When perception is construed as a cascade of processes, each stage extracts redundancy across the outputs of earlier processes. To the extent that outputs of prior processes even approach independence, this could imply that seizing upon correlation again would become implausible. The solution to this seeming dead end is that, with every successive reduction of redundancy, information over which processing operates expands in space, frequency, time, and any other dimension of interest. Thus, statistical relationships that hold relatively locally do not constrain correlations at the next coarser grain of processing. As a consequence, the well-attested hierarchical organization of perceptual processing in sensorineural systems is a natural consequence of successive operations of efficient coding within an information theoretic framework.

Conclusions

In this contribution, we first established some first principles that motivate our perspective on speech perception and perception most broadly. There are two substantial consequences of adopting this information-theoretic framework to questions concerning speech perception. First, distractions concerning objects of perception are removed. Second, speech perception can be reframed as a series of processes through which sensitivity to information—that which changes and/or is unpredictable—becomes increasingly sophisticated and shaped by experience.

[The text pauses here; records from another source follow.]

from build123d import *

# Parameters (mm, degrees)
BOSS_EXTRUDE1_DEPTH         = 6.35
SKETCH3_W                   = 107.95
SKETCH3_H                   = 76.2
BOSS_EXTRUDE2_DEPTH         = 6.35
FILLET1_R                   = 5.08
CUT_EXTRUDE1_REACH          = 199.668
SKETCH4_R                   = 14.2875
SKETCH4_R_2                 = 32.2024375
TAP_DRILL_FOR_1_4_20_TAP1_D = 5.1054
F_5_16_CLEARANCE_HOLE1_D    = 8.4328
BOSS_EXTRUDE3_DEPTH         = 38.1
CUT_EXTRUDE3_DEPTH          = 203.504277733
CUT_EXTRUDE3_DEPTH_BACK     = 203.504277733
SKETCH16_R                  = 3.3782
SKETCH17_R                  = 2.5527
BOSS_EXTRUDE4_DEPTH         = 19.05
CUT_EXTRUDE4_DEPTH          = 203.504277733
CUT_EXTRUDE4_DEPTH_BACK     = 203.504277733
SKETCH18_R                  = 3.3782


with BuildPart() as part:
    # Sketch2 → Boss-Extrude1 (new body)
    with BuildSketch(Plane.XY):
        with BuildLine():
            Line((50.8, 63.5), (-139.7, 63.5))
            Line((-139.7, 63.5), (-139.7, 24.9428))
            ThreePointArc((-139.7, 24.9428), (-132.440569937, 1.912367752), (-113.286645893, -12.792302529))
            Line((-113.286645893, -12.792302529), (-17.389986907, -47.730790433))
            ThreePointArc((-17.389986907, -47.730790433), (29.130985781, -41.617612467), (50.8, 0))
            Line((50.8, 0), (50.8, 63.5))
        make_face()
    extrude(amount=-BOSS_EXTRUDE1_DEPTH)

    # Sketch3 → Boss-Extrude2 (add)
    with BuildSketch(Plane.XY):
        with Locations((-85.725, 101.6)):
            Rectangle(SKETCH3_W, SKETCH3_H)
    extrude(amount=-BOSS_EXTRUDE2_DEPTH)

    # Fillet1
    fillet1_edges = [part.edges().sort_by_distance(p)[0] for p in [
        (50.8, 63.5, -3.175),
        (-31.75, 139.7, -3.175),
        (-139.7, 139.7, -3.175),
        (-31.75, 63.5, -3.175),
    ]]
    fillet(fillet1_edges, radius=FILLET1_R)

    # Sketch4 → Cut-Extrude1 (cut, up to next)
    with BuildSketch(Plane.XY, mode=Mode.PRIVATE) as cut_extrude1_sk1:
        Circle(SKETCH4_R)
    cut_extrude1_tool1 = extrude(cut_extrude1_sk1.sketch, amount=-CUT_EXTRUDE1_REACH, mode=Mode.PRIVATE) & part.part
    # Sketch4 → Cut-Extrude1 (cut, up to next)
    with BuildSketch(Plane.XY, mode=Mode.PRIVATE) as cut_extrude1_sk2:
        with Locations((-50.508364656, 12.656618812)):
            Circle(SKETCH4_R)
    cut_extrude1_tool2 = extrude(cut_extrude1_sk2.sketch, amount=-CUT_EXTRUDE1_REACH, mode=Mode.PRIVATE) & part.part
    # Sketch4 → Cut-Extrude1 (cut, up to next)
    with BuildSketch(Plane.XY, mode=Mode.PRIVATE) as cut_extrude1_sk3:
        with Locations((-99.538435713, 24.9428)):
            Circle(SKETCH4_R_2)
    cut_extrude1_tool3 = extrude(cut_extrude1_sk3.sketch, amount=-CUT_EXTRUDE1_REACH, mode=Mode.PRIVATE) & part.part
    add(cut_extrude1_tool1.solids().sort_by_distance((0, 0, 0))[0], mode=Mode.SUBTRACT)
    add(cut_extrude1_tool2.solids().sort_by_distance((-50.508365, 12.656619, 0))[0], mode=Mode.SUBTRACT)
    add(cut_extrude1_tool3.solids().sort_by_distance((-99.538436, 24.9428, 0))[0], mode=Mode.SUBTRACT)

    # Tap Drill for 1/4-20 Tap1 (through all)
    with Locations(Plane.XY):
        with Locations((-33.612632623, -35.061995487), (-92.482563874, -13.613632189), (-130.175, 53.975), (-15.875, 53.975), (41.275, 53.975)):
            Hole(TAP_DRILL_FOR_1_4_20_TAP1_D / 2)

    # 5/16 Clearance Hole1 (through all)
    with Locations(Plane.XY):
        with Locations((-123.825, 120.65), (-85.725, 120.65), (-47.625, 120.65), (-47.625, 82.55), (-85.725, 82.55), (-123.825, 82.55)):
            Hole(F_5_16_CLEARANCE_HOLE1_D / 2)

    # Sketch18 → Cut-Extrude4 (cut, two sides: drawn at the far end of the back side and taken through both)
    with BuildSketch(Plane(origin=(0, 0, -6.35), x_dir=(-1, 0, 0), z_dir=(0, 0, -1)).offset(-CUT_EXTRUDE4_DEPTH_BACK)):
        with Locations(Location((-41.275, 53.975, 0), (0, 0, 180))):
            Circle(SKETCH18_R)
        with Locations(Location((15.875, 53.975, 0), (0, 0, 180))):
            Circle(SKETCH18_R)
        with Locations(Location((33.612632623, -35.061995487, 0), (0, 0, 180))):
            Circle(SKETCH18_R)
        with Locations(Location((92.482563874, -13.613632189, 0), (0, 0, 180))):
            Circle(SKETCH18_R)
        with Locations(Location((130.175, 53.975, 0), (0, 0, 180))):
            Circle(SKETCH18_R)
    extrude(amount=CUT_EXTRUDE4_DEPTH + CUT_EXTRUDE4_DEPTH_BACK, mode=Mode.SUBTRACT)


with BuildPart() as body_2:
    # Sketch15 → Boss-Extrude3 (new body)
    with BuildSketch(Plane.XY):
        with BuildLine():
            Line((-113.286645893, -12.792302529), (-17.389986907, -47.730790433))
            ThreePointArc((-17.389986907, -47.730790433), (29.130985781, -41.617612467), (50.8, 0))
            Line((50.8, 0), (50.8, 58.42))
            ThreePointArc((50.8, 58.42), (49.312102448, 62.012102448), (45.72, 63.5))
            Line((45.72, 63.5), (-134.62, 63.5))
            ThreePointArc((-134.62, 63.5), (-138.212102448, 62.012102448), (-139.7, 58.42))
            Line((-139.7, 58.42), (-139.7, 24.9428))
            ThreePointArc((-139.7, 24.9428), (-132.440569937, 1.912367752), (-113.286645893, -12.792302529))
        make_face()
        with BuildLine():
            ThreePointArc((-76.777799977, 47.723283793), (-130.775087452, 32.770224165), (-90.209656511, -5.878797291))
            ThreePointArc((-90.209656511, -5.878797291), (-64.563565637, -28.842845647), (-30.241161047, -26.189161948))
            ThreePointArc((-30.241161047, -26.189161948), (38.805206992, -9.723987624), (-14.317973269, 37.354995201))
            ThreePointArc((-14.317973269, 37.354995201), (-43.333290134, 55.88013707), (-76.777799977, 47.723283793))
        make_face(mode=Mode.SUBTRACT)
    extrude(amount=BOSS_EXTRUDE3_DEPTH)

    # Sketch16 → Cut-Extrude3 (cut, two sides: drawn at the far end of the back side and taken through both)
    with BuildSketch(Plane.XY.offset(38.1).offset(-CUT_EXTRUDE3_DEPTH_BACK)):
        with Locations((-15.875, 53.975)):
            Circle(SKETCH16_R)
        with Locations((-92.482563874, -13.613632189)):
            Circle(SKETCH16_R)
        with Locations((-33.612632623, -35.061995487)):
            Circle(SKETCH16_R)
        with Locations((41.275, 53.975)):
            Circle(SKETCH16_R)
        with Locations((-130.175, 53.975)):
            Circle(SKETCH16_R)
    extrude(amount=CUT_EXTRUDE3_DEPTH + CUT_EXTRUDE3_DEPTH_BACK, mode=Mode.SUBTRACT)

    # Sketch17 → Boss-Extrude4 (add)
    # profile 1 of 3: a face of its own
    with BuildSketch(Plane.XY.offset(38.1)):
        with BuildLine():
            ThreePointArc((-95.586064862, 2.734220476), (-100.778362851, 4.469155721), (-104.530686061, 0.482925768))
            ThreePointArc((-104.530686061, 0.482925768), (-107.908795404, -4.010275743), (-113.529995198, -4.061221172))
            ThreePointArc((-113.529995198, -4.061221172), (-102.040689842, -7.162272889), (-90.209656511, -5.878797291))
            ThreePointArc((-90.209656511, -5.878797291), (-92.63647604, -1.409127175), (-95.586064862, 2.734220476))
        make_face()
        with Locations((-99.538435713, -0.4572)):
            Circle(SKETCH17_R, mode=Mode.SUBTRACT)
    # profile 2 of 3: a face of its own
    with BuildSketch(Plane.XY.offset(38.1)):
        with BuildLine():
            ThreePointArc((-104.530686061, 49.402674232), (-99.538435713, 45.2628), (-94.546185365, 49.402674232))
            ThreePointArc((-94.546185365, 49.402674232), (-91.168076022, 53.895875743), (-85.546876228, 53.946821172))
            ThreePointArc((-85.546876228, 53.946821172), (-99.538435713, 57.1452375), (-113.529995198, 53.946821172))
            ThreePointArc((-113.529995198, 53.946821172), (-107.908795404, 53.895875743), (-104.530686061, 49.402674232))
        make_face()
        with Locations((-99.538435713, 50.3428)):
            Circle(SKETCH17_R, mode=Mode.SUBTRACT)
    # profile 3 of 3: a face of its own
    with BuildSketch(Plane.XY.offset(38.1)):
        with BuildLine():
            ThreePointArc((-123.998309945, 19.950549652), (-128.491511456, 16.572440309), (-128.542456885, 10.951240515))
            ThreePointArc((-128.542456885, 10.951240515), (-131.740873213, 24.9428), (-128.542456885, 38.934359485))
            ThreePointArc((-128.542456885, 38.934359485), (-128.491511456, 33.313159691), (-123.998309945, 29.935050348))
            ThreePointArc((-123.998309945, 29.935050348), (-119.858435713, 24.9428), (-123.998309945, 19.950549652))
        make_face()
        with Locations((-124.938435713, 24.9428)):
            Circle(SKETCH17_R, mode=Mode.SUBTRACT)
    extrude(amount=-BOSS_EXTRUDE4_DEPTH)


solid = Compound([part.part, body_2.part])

A simple measure of change in the auditory periphery (CSE) proved to be a remarkable predictor of speech intelligibility. Adopting measures of psychoacoustic change helps to dissolve some traditional concerns about perception across variation in speaking rate that putatively required some process of normalization. Multiple demonstrations were provided that show how reliable spectral characteristics of a listening context are factored out of perception in the service of emphasizing less reliable, more informative characteristics to better inform behavior.

Moving on from first-order statistics, second-order statistics were shown to be powerful descriptors of reliable covariance between acoustic attributes of speech sounds as they are structured by lawful properties of the vocal tract. Examples are vowels across talkers with different vocal-tract lengths and consonants across talkers and vowel contexts. Listeners very quickly learn correlations among stimulus attributes in complex nonspeech sounds, and this has remarkable consequences for discriminability of sounds depending upon whether they respect or violate experienced covariance. Finally, an information theoretic framework makes the life of a young language learner much easier.

We suggest that adopting an information-theoretic framework provides a constructive way to address long-standing problems concerning appropriate objects of perception (gestures vs. sounds), rate normalization, variance consequent to articulation, and talker normalization.